I think the opening movement could use more going on in the bass registers, but pretty cool piece overall. 👍🏻


----------



## Vladimir Bulaev (Apr 2, 2022)

Awesome!


----------



## NathanTiemeyer (Apr 9, 2022)

Andres Sarmiento said:


> Hi everyone! First time posting here, I wanted to show you a project I'm working on using only the cinematic studio series libraries + Cineperc, and hopefully have some feedback regarding the quality of the sound, the composition or whatever comes to your mind.
> 
> I'm also using the Project Colossal template for this, which is a really interesting tool I found in this forum if you want to check that out. Thank you in advance!



Great work!


----------



## paularthur (Apr 29, 2022)

Andres Sarmiento said:


> Hi everyone! First time posting here, I wanted to show you a project I'm working on using only the cinematic studio series libraries + Cineperc, and hopefully have some feedback regarding the quality of the sound, the composition or whatever comes to your mind.
> 
> I'm also using the Project Colossal template for this, which is a really interesting tool I found in this forum if you want to check that out. Thank you in advance!

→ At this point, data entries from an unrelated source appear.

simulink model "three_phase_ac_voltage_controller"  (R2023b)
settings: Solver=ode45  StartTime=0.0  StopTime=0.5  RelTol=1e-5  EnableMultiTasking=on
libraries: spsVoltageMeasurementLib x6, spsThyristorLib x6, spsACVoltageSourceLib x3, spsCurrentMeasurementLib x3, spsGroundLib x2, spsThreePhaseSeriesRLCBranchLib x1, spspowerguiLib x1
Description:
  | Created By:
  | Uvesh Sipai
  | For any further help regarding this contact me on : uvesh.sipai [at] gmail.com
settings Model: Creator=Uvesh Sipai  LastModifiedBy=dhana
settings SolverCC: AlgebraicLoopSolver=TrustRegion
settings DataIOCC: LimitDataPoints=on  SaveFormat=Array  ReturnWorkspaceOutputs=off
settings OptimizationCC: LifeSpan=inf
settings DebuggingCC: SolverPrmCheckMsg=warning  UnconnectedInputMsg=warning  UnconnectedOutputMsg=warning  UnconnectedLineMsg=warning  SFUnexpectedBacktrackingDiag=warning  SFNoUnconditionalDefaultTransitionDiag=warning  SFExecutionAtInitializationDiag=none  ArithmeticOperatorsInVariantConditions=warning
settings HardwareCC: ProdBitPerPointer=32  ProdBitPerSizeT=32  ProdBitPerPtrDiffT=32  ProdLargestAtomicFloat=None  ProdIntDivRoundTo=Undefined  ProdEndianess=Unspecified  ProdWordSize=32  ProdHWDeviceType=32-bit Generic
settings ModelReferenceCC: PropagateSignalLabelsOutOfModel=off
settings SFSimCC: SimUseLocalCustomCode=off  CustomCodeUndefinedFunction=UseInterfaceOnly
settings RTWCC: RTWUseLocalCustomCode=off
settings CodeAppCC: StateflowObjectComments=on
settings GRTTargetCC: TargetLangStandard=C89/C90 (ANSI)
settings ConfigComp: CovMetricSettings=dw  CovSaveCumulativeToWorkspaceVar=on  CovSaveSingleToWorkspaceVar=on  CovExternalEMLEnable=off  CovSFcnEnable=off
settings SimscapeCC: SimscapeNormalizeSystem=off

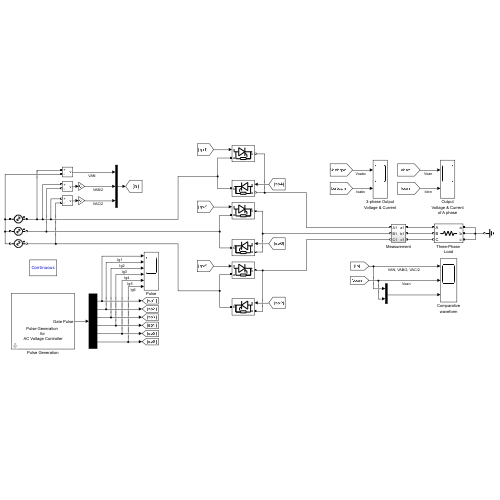
[thumbnail: Simulink's stored preview of the top-level diagram]
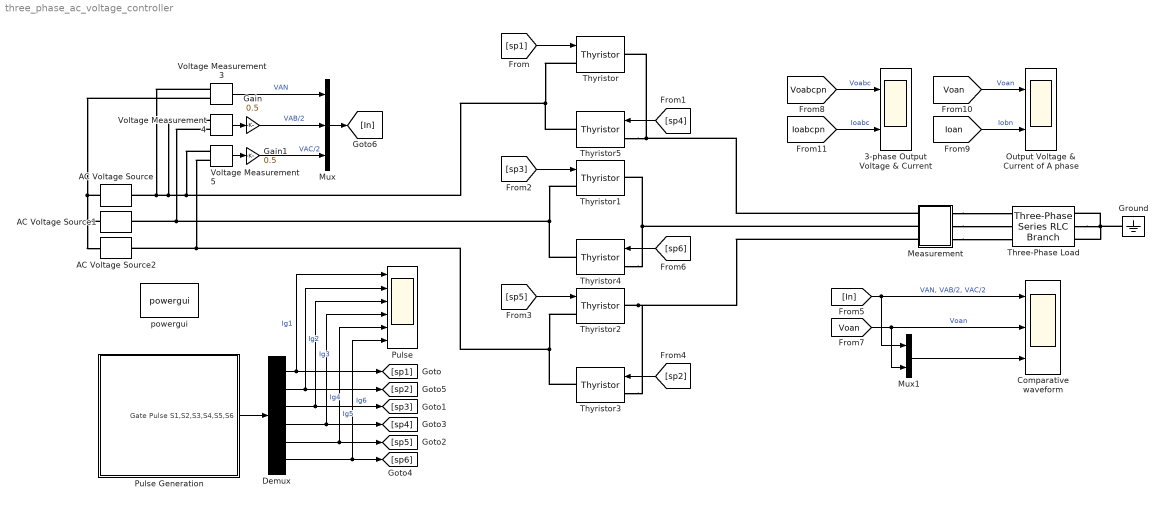
== system three_phase_ac_voltage_controller ==
  3-phase Output Voltage & Current : Scope  NumInputPorts=2
  AC Voltage Source : spsACVoltageSourceLib/AC Voltage Source  Amplitude=339.4113  Phase=0  Frequency=50  SampleTime=0  Measurements=Voltage  BusType=swing  Pref=10e3  Qref=0  Qmin=-inf  Qmax=+inf
  AC Voltage Source1 : spsACVoltageSourceLib/AC Voltage Source  Amplitude=339.4113  Phase=-120  Frequency=50  SampleTime=0  Measurements=Voltage  BusType=swing  Pref=10e3  Qref=0  Qmin=-inf  Qmax=+inf
  AC Voltage Source2 : spsACVoltageSourceLib/AC Voltage Source  Amplitude=339.4113  Phase=120  Frequency=50  SampleTime=0  Measurements=Voltage  BusType=swing  Pref=10e3  Qref=0  Qmin=-inf  Qmax=+inf
  Comparative waveform : Scope  NumInputPorts=3
  Demux : Demux  Outputs=6
  Gain : Gain  Gain=0.5
  Gain1 : Gain  Gain=0.5
  Ground : spsGroundLib/Ground  LConnTagsString=a
  Measurement : Subsystem
  Mux : Mux  Inputs=3
  Mux1 : Mux  Inputs=2
  Output Voltage & Current of A phase : Scope  NumInputPorts=2
  Pulse : Scope  NumInputPorts=6
  Pulse Generation : Subsystem  mask{con=Integral Cycle Control with Phase Angle control, freq=50, alpha=54.0, n=3, m=2}
      mask prompts: con "Type of Control"; freq "Operating Frequency"; alpha "Firing Angle (Alpha)"; n "Number of ON cycle (n)"; m "Number of OFF cycle (m)"
      mask init:
      | if con==1
      |     tpf=1/freq;
      |     delay=alpha;
      |     if alpha<120
      |         pw=((180-alpha)/360)*100;
      |     else
      |         pw=((180-alpha+30)/360)*100;
      |     end
      |     tpfin=tpf;
      |     pwin=99.9999999999;
      |     delayin=0;
      | elseif con==2
      |     tpf=1/freq;
      |     delay=0;
      |     pw=50;
      |     tpfin=(m+n)*tpf;
      |     pwin=(n/(m+n))*100;
      |     delayin=0;
      | else
      |     tpf=1/freq;
      |     delay=alpha;
      |     if alpha<120
      |         pw=((180-alpha)/360)*100;
      |     else
      |         pw=((180-alpha+30)/360)*100;
      |     end
      |     tpfin=(m+n)*tpf;
      |     pwin=(n/(m+n))*100;
      |     delayin=0;
      | end
      | 
      |     %alpha with alpha=0 at wt=0
      mask Help:
      | This Block is use for pulse generation for Three Phase AC voltage controller.
      | By varying the operating frequency one can vary the operating frequency.
      | By varying the Firing angle by knob, the firing angle is vary.
      | By changing the value of number of on cycle(n) and number of off cycle(m), output is vary in intigral cycle control.
      | Also there is two possible mode of Operation (1)Phase Angle Control (2)Integral cycle control (3)Intigral Cycle Control with Phase angle control
      | When Phase Angle control is selected then the effect of number of on cycle and no of off cycle is not there. And same when Integral cycle control
      | is selected then effect of firing angle is not there. When the Integral Cycle control with Phase angle control is selected at that time effect of
      | both number of on/off cycle and firing angle is there.
      | 
      | Created By:
      | Uvesh Sipai
      | For any further help regarding this contact me on : uvesh.sipai [at] gmail.com
      mask TypeOptions con: Phase Angle Control | Intigral Cycle Control | Integral Cycle Control with Phase Angle control
      mask DialogControl DescGroupVar Prompt: Pulse Generation for Three Phase AC voltage controller
      mask DialogControl DescTextVar Prompt: This Block is use for pulse generation for Three Phase AC voltage controller.  Also there are three possible mode of operation.
      mask DialogControl DescTextVar_copy Prompt: Made by : Uvesh Sipai
      mask DialogControl Control4 Prompt: For more help contact me on : uvesh.sipai [at] gmail.com
      mask DialogControl linkoffb Prompt: https://www.facebook.com/uvesh.sipai
      mask DialogControl Container6 Prompt: Parameter for Phase Angle control
      mask DialogControl intigral Prompt: Parameter for Integral Cycle control
      mask Display:
      | disp('\n \n \n \n \nPulse Generation \n for \n AC Voltage Controller')
      | %disp('\n \n \n \n \n by Uvesh Sipai')
      | port_label('output', 1, 'Gate Pulse')
  Three-Phase Load : spsThreePhaseSeriesRLCBranchLib/Three-Phase Series RLC Branch  LConnTagsString=A|B|C  RConnTagsString=A|B|C  BranchType=R  Resistance=1  Inductance=1e-3  Capacitance=1e-6  Measurements=None
  Thyristor{,1..5} (6 alike) : spsThyristorLib/Thyristor  Ron=0.001  Lon=0  Vf=0.8  IC=0  Rs=500  Cs=250e-9  Measurements=off
  Voltage Measurement3 : spsVoltageMeasurementLib/Voltage Measurement  PhasorSimulation=off  OutputType=Complex  PSBequivalent=0
  Voltage Measurement4 : spsVoltageMeasurementLib/Voltage Measurement  PhasorSimulation=off  OutputType=Complex  PSBequivalent=0
  Voltage Measurement5 : spsVoltageMeasurementLib/Voltage Measurement  PhasorSimulation=off  OutputType=Complex  PSBequivalent=0
  powergui : spspowerguiLib/powergui  Priority=1  SimulationMode=Continuous  SampleTime=50e-6  frequency=60  Iterations=50  frequencyindice=0  Pbase=100e6  ErrMax=1e-4  UnitsV=kV  UnitsW=MW  buscounter=0  FunctionMessages=off  echomessages=off  EnableUseOfTLC=off  CurrentSourceSwitches=off  DisableSnubberDevices=off  DisableRonSwitches=off  DisableVfSwitches=off  DisplayEquations=off  AutomaticDiscreteSolvers=off  SolverType=Tustin  Interpol=off  ExternalGateDelay=off  methode=off  Ts=0  x0status=blocks  SPID=off  SwTol=0  HookPort=off  NonlinearTolerance=1e-4  nMaxIteration=100  ContinueOnMaxIteration=off  RestoreLinks=warning  ResistiveCurrentMeasurement=off  Frange=[0:2:500]  Ylog=off  Xlog=on  ShowGrid=off  save=off  variable=ZData  structure=0  ZoomFFT=off  StartTime=0.0  cycles=1  DisplayStyle=1  fundamental=60  FreqAxis=off  MaxFrequency=1000  frequencyindicesteady=1  RmsSteady=1  display=off
  wires:
  [sp1] -> Thyristor/1
  [sp4] -> Thyristor5/1
  [sp3] -> Thyristor1/1
  [sp6] -> Thyristor4/1
  [sp5] -> Thyristor2/1
  [sp2] -> Thyristor3/1
  Voltage Measurement4/1 -> Gain/1
  Voltage Measurement5/1 -> Gain1/1
  Voltage Measurement3/1 -> Mux/1  "VAN"
  Gain/1 -> Mux/2  "VAB/2"
  Gain1/1 -> Mux/3  "VAC/2"
  Mux/1 -> [In]
  [In] -> Comparative waveform/1, Mux1/1  "VAN, VAB/2, VAC/2"
  [Voan] -> Mux1/2, Comparative waveform/2  "Voan"
  [Voabcpn] -> 3-phase Output Voltage & Current/1  "Voabc"
  [Ioabcpn] -> 3-phase Output Voltage & Current/2  "Ioabc"
  Mux1/1 -> Comparative waveform/3
  Demux/1 -> Pulse/1, [sp1]  "Ig1"
  Demux/2 -> Pulse/2, [sp2]  "Ig2"
  Demux/3 -> Pulse/3, [sp3]  "Ig3"
  Demux/4 -> Pulse/4, [sp4]  "Ig4"
  Demux/5 -> Pulse/5, [sp5]  "Ig5"
  Demux/6 -> [sp6], Pulse/6  "Ig6"
  Pulse Generation/1(Gate Pulse S1,S2,S3,S4,S5,S6) -> Demux/1
  [Voan] -> Output Voltage & Current of A phase/1  "Voan"
  [Ioan] -> Output Voltage & Current of A phase/2  "Iobn"
  connections:
  Thyristor/LConn1 -- Voltage Measurement5/LConn1 -- Voltage Measurement4/LConn1 -- Voltage Measurement3/LConn1 -- AC Voltage Source/RConn1 -- Thyristor5/RConn1
  Thyristor1/LConn1 -- Thyristor4/RConn1 -- Voltage Measurement4/LConn2 -- AC Voltage Source1/RConn1
  Three-Phase Load/RConn2 -- Ground/LConn1 -- Three-Phase Load/RConn3 -- Three-Phase Load/RConn1
  Thyristor2/LConn1 -- AC Voltage Source2/RConn1 -- Voltage Measurement5/LConn2 -- Thyristor3/RConn1
  AC Voltage Source/LConn1 -- AC Voltage Source2/LConn1 -- AC Voltage Source1/LConn1 -- Voltage Measurement3/LConn2
  Thyristor5/LConn1 -- Measurement/LConn1 -- Thyristor/RConn1
  Thyristor4/LConn1 -- Measurement/LConn2 -- Thyristor1/RConn1
  Thyristor2/RConn1 -- Measurement/LConn3 -- Thyristor3/LConn1
  Measurement/RConn1 -- Three-Phase Load/LConn1
  Measurement/RConn2 -- Three-Phase Load/LConn2
  Measurement/RConn3 -- Three-Phase Load/LConn3

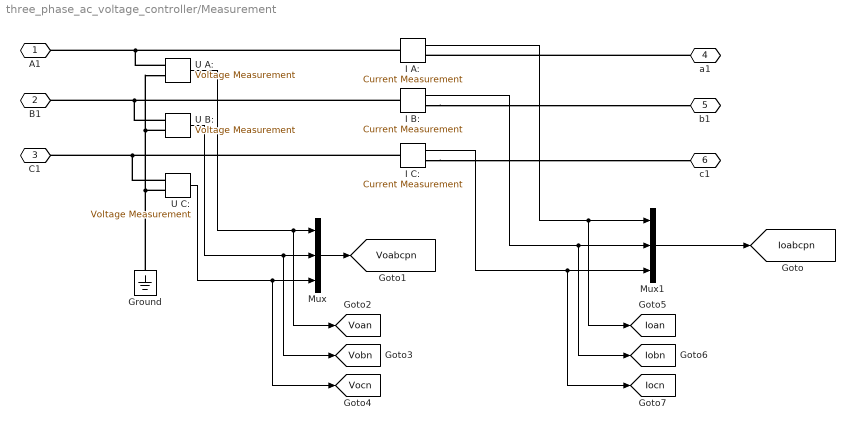
== system three_phase_ac_voltage_controller/Measurement ==
  Ground : spsGroundLib/Ground  LConnTagsString=a
  I A: : spsCurrentMeasurementLib/Current Measurement  PhasorSimulation=off  OutputType=Complex  PSBequivalent=0
  I B: : spsCurrentMeasurementLib/Current Measurement  PhasorSimulation=off  OutputType=Complex  PSBequivalent=0
  I C: : spsCurrentMeasurementLib/Current Measurement  PhasorSimulation=off  OutputType=Complex  PSBequivalent=0
  Mux : Mux  Inputs=3
  Mux1 : Mux  Inputs=3
  U A: : spsVoltageMeasurementLib/Voltage Measurement  PhasorSimulation=off  OutputType=Complex  PSBequivalent=0
  U B: : spsVoltageMeasurementLib/Voltage Measurement  PhasorSimulation=off  OutputType=Complex  PSBequivalent=0
  U C: : spsVoltageMeasurementLib/Voltage Measurement  PhasorSimulation=off  OutputType=Complex  PSBequivalent=0
  A1 : PMIOPort  Side=Left
  B1 : PMIOPort  Port=2  Side=Left
  C1 : PMIOPort  Port=3  Side=Left
  a1 : PMIOPort  Port=4  Side=Right
  b1 : PMIOPort  Port=5  Side=Right
  c1 : PMIOPort  Port=6  Side=Right
  tag scope: Ioabcpn=global, Ioan=global, Iobn=global, Iocn=global, Voabcpn=global, Voan=global, Vobn=global, Vocn=global
  wires:
  U A:/1 -> [Voan], Mux/1
  U B:/1 -> [Vobn], Mux/2
  Mux1/1 -> [Ioabcpn]
  Mux/1 -> [Voabcpn]
  U C:/1 -> [Vocn], Mux/3
  I A:/1 -> [Ioan], Mux1/1
  I B:/1 -> [Iobn], Mux1/2
  I C:/1 -> [Iocn], Mux1/3
  connections:
  a1/RConn1 -- I A:/RConn1
  I C:/LConn1 -- U C:/LConn1 -- C1/RConn1
  U C:/LConn2 -- U B:/LConn2 -- U A:/LConn2 -- Ground/LConn1
  I C:/RConn1 -- c1/RConn1
  I B:/LConn1 -- U B:/LConn1 -- B1/RConn1
  I B:/RConn1 -- b1/RConn1
  I A:/LConn1 -- U A:/LConn1 -- A1/RConn1

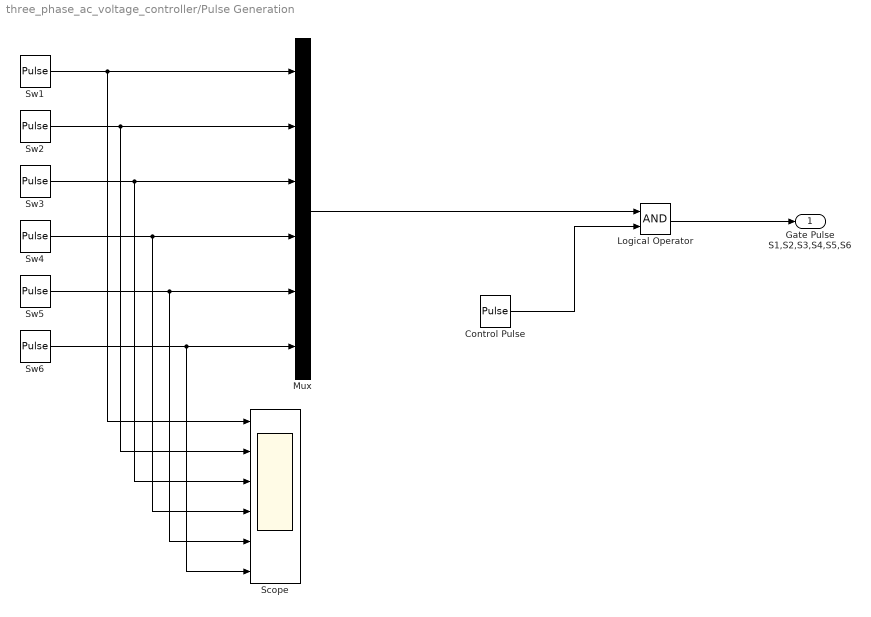
== system three_phase_ac_voltage_controller/Pulse Generation ==
  Control Pulse : DiscretePulseGenerator  PulseType=Time based  Period=tpfin  PulseWidth=pwin  PhaseDelay=delayin
  Logical Operator : Logic  AllPortsSameDT=off  OutDataTypeStr=boolean
  Mux : Mux  Inputs=6
  Scope : Scope  NumInputPorts=6
  Sw1 : DiscretePulseGenerator  PulseType=Time based  Period=tpf  PulseWidth=pw  PhaseDelay=(delay)*(tpf/360)
  Sw2 : DiscretePulseGenerator  PulseType=Time based  Period=tpf  PulseWidth=pw  PhaseDelay=(delay+60)*(tpf/360)
  Sw3 : DiscretePulseGenerator  PulseType=Time based  Period=tpf  PulseWidth=pw  PhaseDelay=(delay+120)*(tpf/360)
  Sw4 : DiscretePulseGenerator  PulseType=Time based  Period=tpf  PulseWidth=pw  PhaseDelay=(delay+180)*(tpf/360)
  Sw5 : DiscretePulseGenerator  PulseType=Time based  Period=tpf  PulseWidth=pw  PhaseDelay=(delay-120)*(tpf/360)
  Sw6 : DiscretePulseGenerator  PulseType=Time based  Period=tpf  PulseWidth=pw  PhaseDelay=(delay-60)*(tpf/360)
  Gate Pulse S1,S2,S3,S4,S5,S6 : Outport
  wires:
  Sw1/1 -> Scope/1, Mux/1
  Sw2/1 -> Scope/2, Mux/2
  Sw3/1 -> Scope/3, Mux/3
  Sw4/1 -> Scope/4, Mux/4
  Sw5/1 -> Scope/5, Mux/5
  Sw6/1 -> Scope/6, Mux/6
  Mux/1 -> Logical Operator/1
  Control Pulse/1 -> Logical Operator/2
  Logical Operator/1 -> Gate Pulse S1,S2,S3,S4,S5,S6/1

I love the snares in this (i know, random).


----------



## Andres Sarmiento (Apr 29, 2022)

Here is an updated finished version, in case anyone wants to check that out!


----------



## Gingerbread (Apr 29, 2022)

That is very impressive! Well done!


----------



## markleake (Apr 29, 2022)

Fantastic stuff! Far beyond my ability.

I'm always curious about people's process for writing and orchestrating. Would you be willing to share a bit about the process you followed to create this? I'd be very keen to hear about this, as it's the thing I struggle most with.

Also, I have two small bits of feedback... I wonder if the higher registers of some of the instruments are not being used as much as they could be? The woodwinds, harp, & some of the other melodics seem a bit underused for this adventurous style. And on second listen, sometimes the brass stabs and string/percussion patterns sound a bit too regular -- I wonder if some alternative rhythms to mix it up a bit would help with that.


----------



## CT (Apr 29, 2022)

I think this sounds great. Particularly the brass does not have the usual claustrophobic sound I associate with CSB. Fun writing too!


----------



## Andres Sarmiento (Apr 29, 2022)

Hey thank you so much! I don't really remember the whole process since this thing took a very long time, but if you want me to share any particular thought about composition, harmony, etc., just send me a message and I'll be glad to help!

And yeah, as this is my first composition in this style I didn't took that many risks with the highest registers of the instruments most of the time; that's something I've been struggling with, but I'll find how to incorporate that on my next piece for sure. As for the repetition of the patterns, I didn't notice that at all (which doesn't mean it's there!). Anyways I'm on the polishing stage for this track, so I will definitely give these things a second thought. Thanks for taking the time to post this feedback!


----------



## Saxer (Apr 29, 2022)

Sounds great!


----------



## Andres Sarmiento (Apr 29, 2022)

Michaelt said:


> I think this sounds great. Particularly the brass does not have the usual claustrophobic sound I associate with CSB. Fun writing too!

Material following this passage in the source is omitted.